Mathematics, the Chudnovskys enthusiastically declare, is a universal language required not just for computing but almost everything. “If you know math, you can do absolutely anything,” they both assert. The brothers are fond of the tale of the great 19th-century mathematician Josiah Willard Gibbs, who famously objected when administrators at Yale decided to stop requiring the study of mathematics in favor of Latin. “Mathematics is the language,” Gibbs had protested, and the brothers concur. “You use number theory every day, even if you don’t realize it,” David Chudnovsky says. “A cell phone requires number theory and algorithms. So does the television. It’s all mathematics in the form of digital signal processing.” The pair are quick, however, to praise the work of engineers, and they single out the NYU School of Engineering’s Department of Electrical Engineering, which they call “the best in the entire region.”
In addition to their admiration for engineers, the brothers hold artists in exceptionally high esteem, as evidenced by their love of Dürer, who was also, not at all incidentally, a mathematician. In honor of the 500th anniversary of Melencolia I, the Chudnovskys organized a conference, “500 Years of Melancholia in Mathematics,” which took place on May 17 at the school.
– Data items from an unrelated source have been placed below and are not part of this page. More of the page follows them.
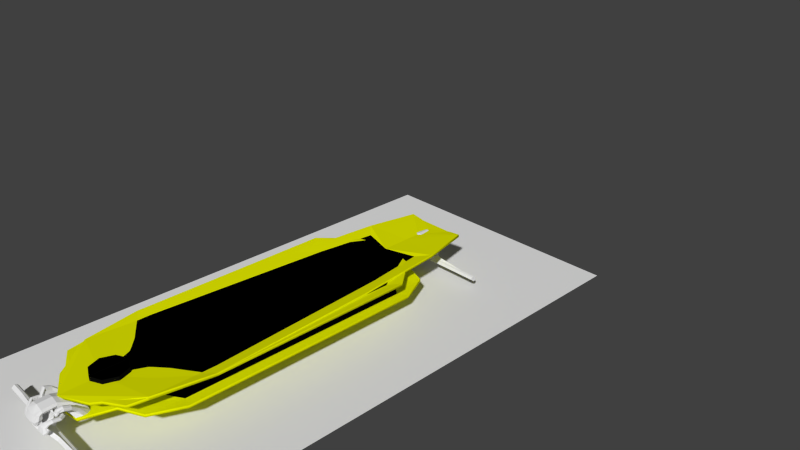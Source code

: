 # Source: board_LOD1.blend  (saved by Blender 2.76.0; exported with 4.5.12 LTS)
import bpy
from mathutils import Matrix  # noqa: F401  (used for matrix-valued properties, if any)

bpy.ops.wm.read_factory_settings(use_empty=True)
scene = bpy.context.scene
scene.name = 'Scene'

# ---- collections
col_collection_1 = bpy.data.collections.new('Collection 1'); scene.collection.children.link(col_collection_1)

# ---- materials (node trees are filled in below, after node groups)
mat_material_015 = bpy.data.materials.new('Material.015')
mat_material_015.alpha_threshold = 0.0
mat_material_015.use_transparent_shadow = False
mat_material_015.roughness = 0.5
mat_material_016 = bpy.data.materials.new('Material.016')
mat_material_016.alpha_threshold = 0.0
mat_material_016.use_transparent_shadow = False
mat_material_016.diffuse_color = (0.009018, 0.009018, 0.009018, 1.0)
mat_material_016.roughness = 0.5
mat_material_017 = bpy.data.materials.new('Material.017')
mat_material_017.alpha_threshold = 0.0
mat_material_017.use_transparent_shadow = False
mat_material_017.roughness = 0.5
mat_material_018 = bpy.data.materials.new('Material.018')
mat_material_018.alpha_threshold = 0.0
mat_material_018.use_transparent_shadow = False
mat_material_018.diffuse_color = (0.009018, 0.009018, 0.009018, 1.0)
mat_material_018.roughness = 0.5
mat_board_01 = bpy.data.materials.new('Board_01')
mat_board_01.alpha_threshold = 0.0
mat_board_01.use_transparent_shadow = False
mat_board_01.diffuse_color = (0.7587, 0.8, 0.0, 1.0)
mat_board_01.roughness = 0.5
mat_board_01.line_color = (0.0, 0.0, 0.0, 1.0)
mat_board_02 = bpy.data.materials.new('Board_02')
mat_board_02.alpha_threshold = 0.0
mat_board_02.use_transparent_shadow = False
mat_board_02.diffuse_color = (0.0, 0.0, 0.0, 1.0)
mat_board_02.specular_color = (0.2019, 0.2019, 0.2019)
mat_board_02.roughness = 0.5
mat_material_003 = bpy.data.materials.new('Material.003')
mat_material_003.alpha_threshold = 0.0
mat_material_003.use_transparent_shadow = False
mat_material_003.diffuse_color = (0.02721, 0.02721, 0.02721, 1.0)
mat_material_003.roughness = 0.5
mat_mast_base = bpy.data.materials.new('Mast_base')
mat_mast_base.alpha_threshold = 0.0
mat_mast_base.use_transparent_shadow = False
mat_mast_base.diffuse_color = (0.003642, 0.003642, 0.003642, 1.0)
mat_mast_base.roughness = 0.5
mat_material_004 = bpy.data.materials.new('Material.004')
mat_material_004.alpha_threshold = 0.0
mat_material_004.use_transparent_shadow = False
mat_material_004.diffuse_color = (0.1902, 0.1902, 0.1902, 1.0)
mat_material_004.roughness = 0.5
mat_material_011 = bpy.data.materials.new('Material.011')
mat_material_011.alpha_threshold = 0.0
mat_material_011.use_transparent_shadow = False
mat_material_011.diffuse_color = (0.1902, 0.1902, 0.1902, 1.0)
mat_material_011.roughness = 0.5
mat_material_019 = bpy.data.materials.new('Material.019')
mat_material_019.alpha_threshold = 0.0
mat_material_019.use_transparent_shadow = False
mat_material_019.roughness = 0.5
mat_material_020 = bpy.data.materials.new('Material.020')
mat_material_020.alpha_threshold = 0.0
mat_material_020.use_transparent_shadow = False
mat_material_020.diffuse_color = (0.009018, 0.009018, 0.009018, 1.0)
mat_material_020.roughness = 0.5
mat_material_021 = bpy.data.materials.new('Material.021')
mat_material_021.alpha_threshold = 0.0
mat_material_021.use_transparent_shadow = False
mat_material_021.roughness = 0.5
mat_material_022 = bpy.data.materials.new('Material.022')
mat_material_022.alpha_threshold = 0.0
mat_material_022.use_transparent_shadow = False
mat_material_022.diffuse_color = (0.009018, 0.009018, 0.009018, 1.0)
mat_material_022.roughness = 0.5

# ---- material node trees

# ---- world
world_world = bpy.data.worlds.new('World'); scene.world = world_world
world_world.color = (0.05088, 0.05088, 0.05088)
world_world.use_sun_shadow = False
world_world.sun_shadow_jitter_overblur = 0.0
world_world.cycles.sampling_method = 'MANUAL'
world_world.cycles.sample_map_resolution = 256

# ---- cameras
cam_camera = bpy.data.cameras.new('Camera')
cam_camera.clip_end = 100.0
cam_camera.lens = 35.0
cam_camera.sensor_width = 32.0
cam_camera.sensor_height = 18.0
cam_camera.ortho_scale = 7.314
cam_camera.dof.focus_distance = 0.0
cam_camera.dof.aperture_fstop = 128.0

# ---- lights
light_lamp = bpy.data.lights.new('Lamp', 'POINT')
light_lamp.transmission_factor = 0.0
light_lamp.cutoff_distance = 30.0
light_lamp.energy = 100.0
light_lamp.shadow_buffer_clip_start = 1.001
light_lamp.shadow_soft_size = 0.1
light_lamp.shadow_maximum_resolution = 0.006
light_lamp.use_absolute_resolution = True
light_lamp.cycles.use_multiple_importance_sampling = False

# ---- meshes
me_cylinder_006 = bpy.data.meshes.new('Cylinder.006')
me_cylinder_006.from_pydata([(0.0, 0.11, 0.1059), (0.0, 0.11, 0.1559), (0.055, 0.09526, 0.1059), (0.055, 0.09526, 0.1559), (0.09526, 0.055, 0.1059), (0.09526, 0.055, 0.1559), (0.11, 1.49e-08, 0.1059), (0.11, 1.49e-08, 0.1559), (0.09526, -0.055, 0.1059), (0.09526, -0.055, 0.1559), (0.055, -0.09526, 0.1059), (0.055, -0.09526, 0.1559), (0.0, -0.11, 0.1059), (0.0, -0.11, 0.1559), (-0.055, -0.09526, 0.1059), (-0.055, -0.09526, 0.1559), (-0.09526, -0.055, 0.1059), (-0.09526, -0.055, 0.1559), (-0.11, -3.353e-08, 0.1059), (-0.11, -3.353e-08, 0.1559), (-0.09526, 0.055, 0.1059), (-0.09526, 0.055, 0.1559), (-0.055, 0.09526, 0.1059), (-0.055, 0.09526, 0.1559), (0.05098, 0.08829, 0.1559), (0.0, 0.102, 0.1559), (0.08829, 0.05098, 0.1559), (0.102, 1.118e-08, 0.1559), (0.08829, -0.05098, 0.1559), (0.05098, -0.08829, 0.1559), (0.0, -0.102, 0.1559), (-0.05098, -0.08829, 0.1559), (-0.08829, -0.05098, 0.1559), (-0.102, -2.98e-08, 0.1559), (-0.08829, 0.05098, 0.1559), (-0.05098, 0.08829, 0.1559), (0.0463, 0.08019, 0.1373), (0.0, 0.0926, 0.1373), (0.08019, 0.0463, 0.1373), (0.0926, 7.451e-09, 0.1373), (0.08019, -0.0463, 0.1373), (0.0463, -0.08019, 0.1373), (0.0, -0.0926, 0.1373), (-0.0463, -0.08019, 0.1373), (-0.08019, -0.0463, 0.1373), (-0.0926, -2.98e-08, 0.1373), (-0.08019, 0.0463, 0.1373), (-0.0463, 0.08019, 0.1373)], [], [(0, 1, 3, 2), (2, 3, 5, 4), (4, 5, 7, 6), (6, 7, 9, 8), (8, 9, 11, 10), (10, 11, 13, 12), (12, 13, 15, 14), (14, 15, 17, 16), (16, 17, 19, 18), (18, 19, 21, 20), (23, 21, 34, 35), (22, 23, 1, 0), (20, 21, 23, 22), (0, 2, 4, 6, 8, 10, 12, 14, 16, 18, 20, 22), (28, 27, 39, 40), (5, 3, 24, 26), (21, 19, 33, 34), (19, 17, 32, 33), (17, 15, 31, 32), (15, 13, 30, 31), (13, 11, 29, 30), (11, 9, 28, 29), (9, 7, 27, 28), (1, 23, 35, 25), (3, 1, 25, 24), (7, 5, 26, 27), (36, 37, 47, 46, 45, 44, 43, 42, 41, 40, 39, 38), (35, 34, 46, 47), (24, 25, 37, 36), (32, 31, 43, 44), (29, 28, 40, 41), (25, 35, 47, 37), (26, 24, 36, 38), (33, 32, 44, 45), (30, 29, 41, 42), (27, 26, 38, 39), (34, 33, 45, 46), (31, 30, 42, 43)])
me_cylinder_006.polygons.foreach_set('use_smooth', [True] * 38)
me_cylinder_006.polygons.foreach_set('material_index', [1, 1, 1, 1, 1, 1, 1, 1, 1, 1, 1, 1, 1, 1, 1, 1, 1, 1, 1, 1, 1, 1, 1, 1, 1, 1, 0, 1, 1, 1, 1, 1, 1, 1, 1, 1, 1, 1])
_k = {(0, 2): 0.00392, (1, 3): 0.00392, (0, 1): 0.00392, (2, 3): 0.00392, (2, 4): 0.00392, (3, 5): 0.00392, (4, 5): 0.00392, (4, 6): 0.00392, (5, 7): 0.00392, (6, 7): 0.00392, (6, 8): 0.00392, (7, 9): 0.00392, (8, 9): 0.00392, (8, 10): 0.00392, (9, 11): 0.00392, (10, 11): 0.00392, (10, 12): 0.00392, (11, 13): 0.00392, (12, 13): 0.00392, (12, 14): 0.00392, (13, 15): 0.00392, (14, 15): 0.00392, (14, 16): 0.00392, (15, 17): 0.00392, (16, 17): 0.00392, (16, 18): 0.00392, (17, 19): 0.00392, (18, 19): 0.00392, (18, 20): 0.00392, (19, 21): 0.00392, (20, 21): 0.00392, (20, 22): 0.00392, (21, 23): 0.00392, (22, 23): 0.00392, (0, 22): 0.00392, (1, 23): 0.00392, (24, 25): 0.00392, (24, 26): 0.00392, (26, 27): 0.00392, (27, 28): 0.00392, (28, 29): 0.00392, (29, 30): 0.00392, (30, 31): 0.00392, (31, 32): 0.00392, (32, 33): 0.00392, (33, 34): 0.00392, (34, 35): 0.00392, (25, 35): 0.00392, (21, 34): 0.00392, (23, 35): 0.00392, (3, 24): 0.00392, (5, 26): 0.00392, (19, 33): 0.00392, (17, 32): 0.00392, (15, 31): 0.00392, (13, 30): 0.00392, (11, 29): 0.00392, (9, 28): 0.00392, (7, 27): 0.00392, (1, 25): 0.00392, (36, 37): 0.00392, (36, 38): 0.00392, (38, 39): 0.00392, (39, 40): 0.00392, (40, 41): 0.00392, (41, 42): 0.00392, (42, 43): 0.00392, (43, 44): 0.00392, (44, 45): 0.00392, (45, 46): 0.00392, (46, 47): 0.00392, (37, 47): 0.00392, (27, 39): 0.00392, (28, 40): 0.00392, (34, 46): 0.00392, (35, 47): 0.00392, (25, 37): 0.00392, (24, 36): 0.00392, (31, 43): 0.00392, (32, 44): 0.00392, (29, 41): 0.00392, (26, 38): 0.00392, (33, 45): 0.00392, (30, 42): 0.00392}
me_cylinder_006.attributes.new('crease_edge', 'FLOAT', 'EDGE').data.foreach_set('value', [_k.get((min(e.vertices), max(e.vertices)), 0.0) for e in me_cylinder_006.edges])
me_cylinder_006.materials.append(mat_material_015)
me_cylinder_006.materials.append(mat_material_016)
me_cylinder_006.use_remesh_preserve_volume = False
me_cylinder_006.use_remesh_preserve_attributes = False
me_cylinder_006.use_mirror_vertex_groups = False
me_cylinder_006.update()
me_cylinder_005 = bpy.data.meshes.new('Cylinder.005')
me_cylinder_005.from_pydata([(-1.231, 0.06672, 0.1058), (-1.231, 0.06672, 0.1558), (-1.176, 0.05198, 0.1058), (-1.176, 0.05198, 0.1558), (-1.136, 0.01172, 0.1058), (-1.136, 0.01172, 0.1558), (-1.121, -0.04328, 0.1058), (-1.121, -0.04328, 0.1558), (-1.136, -0.09828, 0.1058), (-1.136, -0.09828, 0.1558), (-1.176, -0.1385, 0.1058), (-1.176, -0.1385, 0.1558), (-1.231, -0.1533, 0.1058), (-1.231, -0.1533, 0.1558), (-1.286, -0.1385, 0.1058), (-1.286, -0.1385, 0.1558), (-1.326, -0.09828, 0.1058), (-1.326, -0.09828, 0.1558), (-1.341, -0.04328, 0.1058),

The event—which was made possible by a generous grant from the Alfred P. Sloan Foundation, as the brothers very gratefully acknowledge—featured the world’s leading experts, including John Conway and Sergiu Klainerman (Princeton University), Jeffrey Lagarias (University of Michigan), John W. Morgan (Stony Brook University), Richard Schroeppel (Sandia National Lab), Richard Stanley (MIT), and Günter Ziegler (Free University of Berlin).
“YOU USE NUMBER THEORY EVERY DAY, EVEN IF YOU DON’T REALIZE IT. A CELL PHONE REQUIRES NUMBER THEORY AND ALGORITHMS. SO DOES THE TELEVISION.”
Many of their talks included discussions of magic squares and polyhedra, items featured prominently within Dürer’s iconic etching. (The engraving itself is displayed at New York City’s Metropolitan Museum of Art, and the day after the conference, the museum hosted a Sunday at the Met program, “Spotlight on a Masterpiece: Albrecht Dürer’s Melencolia I,” which featured a series of lectures by curators and historians.) Melencolia I depicts what is thought to be the first example of a 4x4 magic square ever published in Europe. Magic Squares consist of a series of numbers arranged in a square in such a way that the sum of each row, each column and both the corner diagonals adds up to the same sum, which is called the magic constant—in this case, 34—Dürer’s age when he did the engraving. (The two numbers in the center of Dürer’s bottom row, 15 and 14, represent the date of the engraving.) The engraving’s eight-sided polyhedron (consisting of two equilateral triangles and six irregular pentagons) bears the faint image of a human skull and has spawned dozens of scholarly treatises examining not only its geometrical significance but its possible artistic symbolism.
Dürer’s dual interest in mathematics and art led to his 1525 publication of the seminal book Underweysung der Messung (“Painter’s Manual”), one of the first ever to teach the methods of perspective, which he had learned in Italy. (The book featured the earliest known examples of polyhedral nets—polyhedra unfolded flat for printing.) David and Gregory Chudnovsky believe that more students, even those who don’t con- sider themselves “good at math,” should try to incorporate mathematics into their studies in a similar manner. “It’s schizophrenic,” Gregory Chudnovsky says, “this separation between the humanities and mathematics and the sciences. Young people should try to emulate Dürer.”